MS brain lesions may appear on the brainstem—the lowest part of the brain right above the spinal cord. Among the symptoms that can appear with MS brainstem lesions are blurred or double vision, trouble swallowing, slurred speech, dizziness, coordination problems, weakness, and decreased sensation.
MRI is considered the best test to help diagnose MS. However, 5% of people with MS do not have abnormalities detected on MRI; thus, a "negative" scan does not completely rule out MS. In addition, some common changes of aging may look like MS on a MRI.

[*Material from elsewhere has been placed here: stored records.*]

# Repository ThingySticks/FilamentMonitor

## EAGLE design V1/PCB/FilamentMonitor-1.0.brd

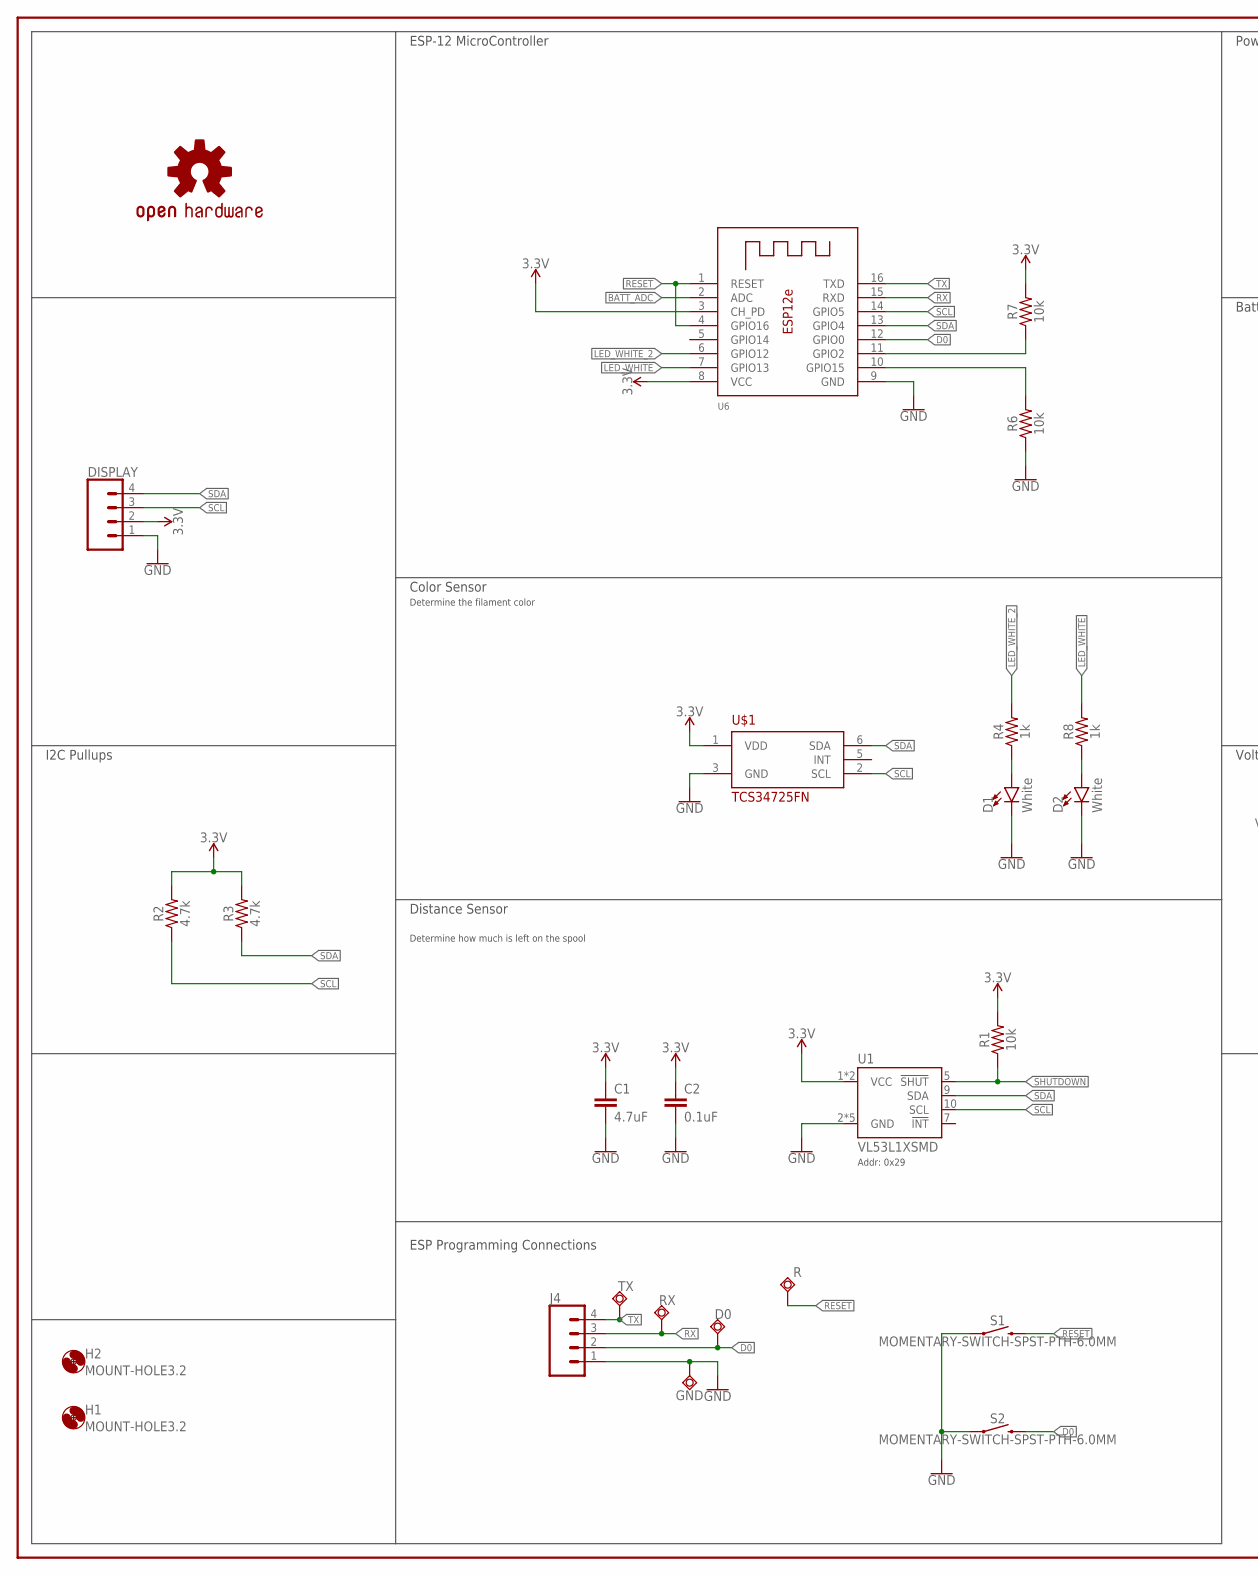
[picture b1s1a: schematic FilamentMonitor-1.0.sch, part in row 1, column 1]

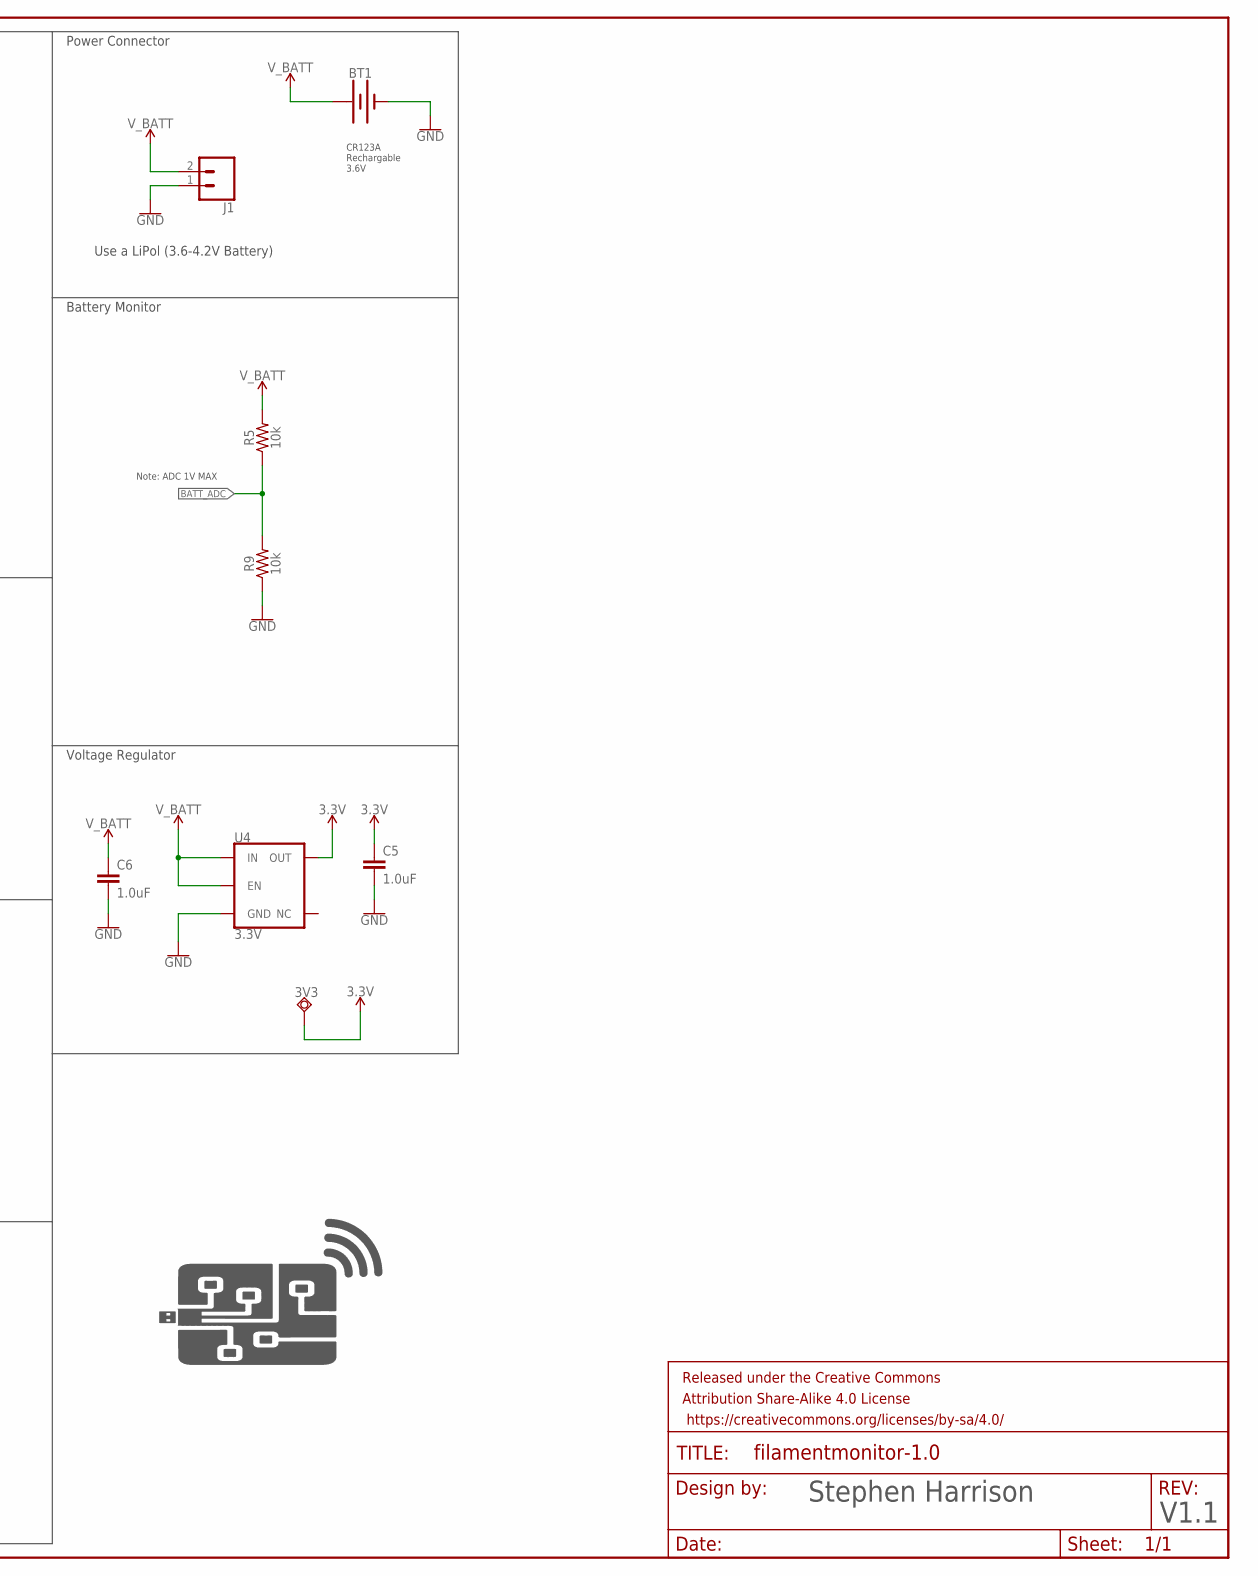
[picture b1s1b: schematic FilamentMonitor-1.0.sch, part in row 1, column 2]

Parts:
3V3: TPSQTP10SQ; TP10SQ
BT1: BATTERY-16340; BATTERY_16340-HOLDER
C1: 4.7uF; 0603
C2: 0.1uF; 0603
C5, C6: 1.0uF; 0603
D0: TPSQTP10SQ; TP10SQ
D1, D2: White; LED-1206
DISPLAY: CONN_04; 1X04
FRAME1: FRAME-LEDGER; CREATIVE_COMMONS
GND: TPSQTP10SQ; TP10SQ
H1, H2: MOUNT-HOLE3.2; 3,2
J1: CONN_02-JST-2MM-SMT; JST-2-SMD
J4: CONN_04; 1X04
LOGO1: OSHW-LOGOL; OSHW-LOGO-L
R: TPSQTP10SQ; TP10SQ
R1, R5, R6, R7, R9: 10k; 0603
R2, R3: 4.7k; 0603
R4, R8: 1k; 0805
RX: TPSQTP10SQ; TP10SQ
S1, S2: MOMENTARY-SWITCH-SPST-PTH-6.0MM; TACTILE_SWITCH_PTH_6.0MM
TX: TPSQTP10SQ; TP10SQ
U1: VL53L1XSMD; VL53L1X
U4: 3.3V; SOT23-5
U6: ESP-12E
U$1: TCS34725FN; FN-6
U$2: THINGYSTICKS_LOGO

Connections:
3.3V: 3V3.TP, C1.1, C2.1, C5.1, DISPLAY.2, R1.2, R2.2, R3.2, R7.2, U1.1 (VCC), U1.11 (VCC), U4.5 (OUT), U6.3 (CH_PD), U6.8 (VCC), U$1.1 (VDD)
ACCEL_INT_2: R7.1, U6.11 (GPIO2)
BATT_ADC: R5.1, R9.2, U6.2 (ADC)
D0: D0.TP, J4.2, S2.3 (2), U6.12 (GPIO0)
GND: BT1.P$2 (-), C1.2, C2.2, C5.2, C6.2, D1.C, D2.C, DISPLAY.1, GND.TP, J1.1 (2), J4.1, R6.1, R9.1, S1.1, S2.1, U1.2 (GND), U1.3 (GND), U1.4 (GND), U1.6 (GND), U1.12 (GND), U4.2 (GND), U6.9 (GND), U$1.3 (GND)
GPIO15: R6.2, U6.10 (GPIO15)
LED_WHITE: R8.2, U6.7 (GPIO13)
LED_WHITE_2: R4.2, U6.6 (GPIO12)
unnamed: D2.A, R8.1
unnamed: D1.A, R4.1
RESET: R.TP, S1.3 (2), U6.1 (RESET), U6.4 (GPIO16)
RX: J4.3, RX.TP, U6.15 (RXD)
SCL: DISPLAY.3, R2.1, U1.10 (SCL), U6.14 (GPIO5), U$1.2 (SCL)
SDA: DISPLAY.4, R3.1, U1.9 (SDA), U6.13 (GPIO4), U$1.6 (SDA)
SHUTDOWN: R1.1, U1.5 (!SHUT)
TX: J4.4, TX.TP, U6.16 (TXD)
V_BATT: BT1.P$1 (+), C6.1, J1.2 (1), R5.2, U4.1 (IN), U4.3 (EN)

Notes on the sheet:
Addr: 0x29
ESP Programming Connections
I2C Pullups
Power Connector
Use a LiPol (3.6-4.2V Battery)
ESP-12 MicroController
Color Sensor
Distance Sensor
Voltage Regulator
Battery Monitor
Stephen Harrison
V1.1
Determine how much is left on the spool
Determine the filament color
Note: ADC 1V MAX
CR123A Rechargable 3.6V

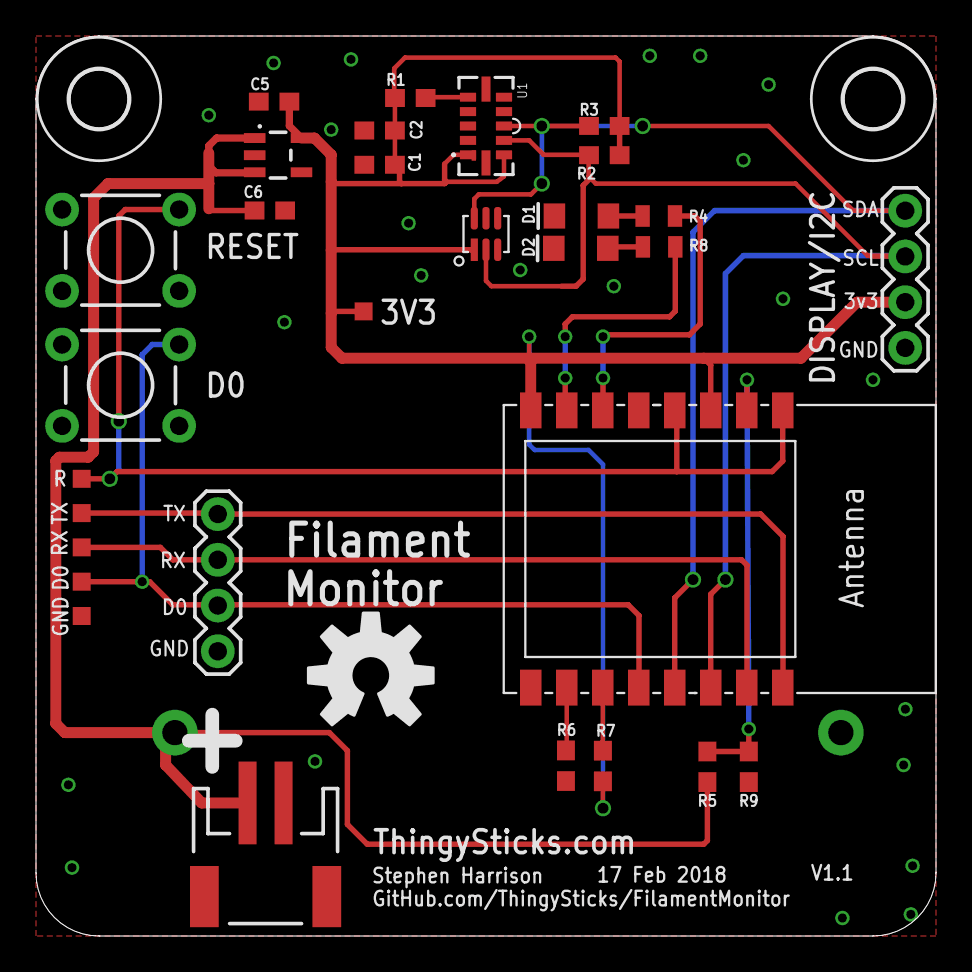
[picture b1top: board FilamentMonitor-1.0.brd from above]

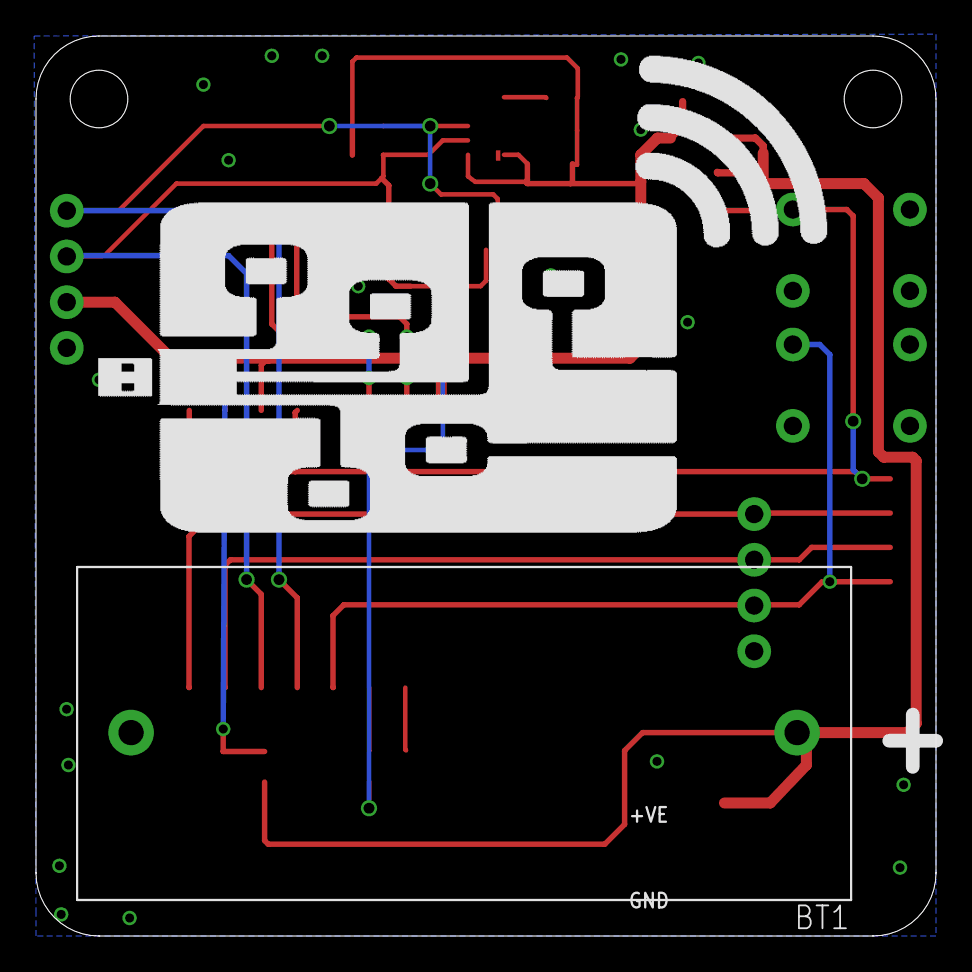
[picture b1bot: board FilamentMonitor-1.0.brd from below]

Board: 2 copper layers, 50.0 x 50.0 mm, 36 parts (2 on the bottom side), 17 nets.

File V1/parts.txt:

Partlist

Exported from FilamentMonitor-1.0.brd at 17/02/2019 15:57

EAGLE Version 7.4.0 Copyright (c) 1988-2015 CadSoft

Assembly variant: 

Part     Value                           Package                  Library             Position (mm)         Orientation

3V3      TPSQTP10SQ                      TP10SQ                   testpad             (18.2 34.7)           R0
BT1                                      BATTERY_16340-HOLDER     ThingySticks        (4.7175 20.5)         MR180
C1       4.7uF                           0603                     SparkFun-Capacitors (19.09 42.845)        R180
C2       0.1uF                           0603                     SparkFun-Capacitors (19.09 44.75)         R180
C5       1.0uF                           0603                     SparkFun-Capacitors (13.225 46.355)       R180
C6       1.0uF                           0603                     SparkFun-Capacitors (12.99 40.305)        R0
D0       TPSQTP10SQ                      TP10SQ                   testpad             (2.54 19.685)         R0
D1       White                           LED-1206                 SparkFun-LED        (30.3 40)             R180
D2       White                           LED-1206                 SparkFun-LED        (30.265 38.205)       R180
DISPLAY                                  1X04                     ThingySticks        (48.29 32.6725)       R90
GND      TPSQTP10SQ                      TP10SQ                   testpad             (2.54 17.78)          R180
J1                                       JST-2-SMD                SparkFun-Connectors (12.755 3.69)         R180
J4                                       1X04                     ThingySticks        (10.1 15.82)          R90
R        TPSQTP10SQ                      TP10SQ                   testpad             (2.54 25.4)           R180
R1       10k                             0603                     SparkFun-Resistors  (20.795 46.555)       R180
R2       4.7k                            0603                     SparkFun-Resistors  (31.5725 43.38)       R0
R3       4.7k                            0603                     SparkFun-Resistors  (31.5725 45.0025)     R0
R4       1k                              0805                     SparkFun-Resistors  (34.6 40)             R0
R5       10k                             0603                     SparkFun-Resistors  (37.3 9.4)            R270
R6       10k                             0603                     SparkFun-Resistors  (29.44 9.46)          R90
R7       10k                             0603                     SparkFun-Resistors  (31.495 9.445)        R270
R8       1k                              0805                     SparkFun-Resistors  (34.6175 38.285)      R0
R9       10k                             0603                     SparkFun-Resistors  (39.6 9.4)            R90
RX       TPSQTP10SQ                      TP10SQ                   testpad             (2.54 21.59)          R0
S1       MOMENTARY-SWITCH-SPST-PTH-6.0MM TACTILE_SWITCH_PTH_6.0MM SparkFun-Switches   (4.7 38.1)            R180
S2       MOMENTARY-SWITCH-SPST-PTH-6.0MM TACTILE_SWITCH_PTH_6.0MM SparkFun-Switches   (4.7 30.6)            R180
TX       TPSQTP10SQ                      TP10SQ                   testpad             (2.54 23.495)         R0
U$1      TCS34725FN                      FN-6                     ThingySticks        (25 39)               R90
U1       VL53L1XSMD                      VL53L1X                  SparkFun-Sensors    (25 45)               R270
U4       3.3V                            SOT23-5                  SparkFun-IC-Power   (13.45 43.38)         R270
U6                                       ESP-12E                  kanflo              (36.985 21.5)         R270

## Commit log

2019-02-17 First version...

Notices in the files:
parts and their libraries:
SparkFun-Sensors: Licensing: Creative Commons ShareAlike 4.0 International - https://creativecommons.org/licenses/by-sa/4.0
SparkFun-Aesthetics: Released under the Creative Commons Attribution Share-Alike 4.0 License
SparkFun-Aesthetics: https://creativecommons.org/licenses/by-sa/4.0

Your doctor will refer you to a neurologist. They will examine you to check how different parts of your nervous system are working. A combination of tests is used to diagnose MS. The best test is an MRI of your brain and spinal cord to detect areas of damage.
Neurological examination
Your neurologist will look for abnormalities, changes or weakness in your vision, eye movements, hand or leg strength, balance and co-ordination, speech and reflexes. These may show whether your nerves are damaged in a way that might suggest MS.
Numbness or Tingling
Numbness of the face, body, or extremities (arms and legs) is often the first symptom experienced by those eventually diagnosed as having MS.
What does fibromyalgia leg pain feel like? If you're suffering from fibromyalgia leg pain, you may experience throbbing, shooting, achy, or burning sensations in your legs. Often, you'll feel the pain at your fibro tender points, particularly inside of each knee and on the hip just behind your hipbone.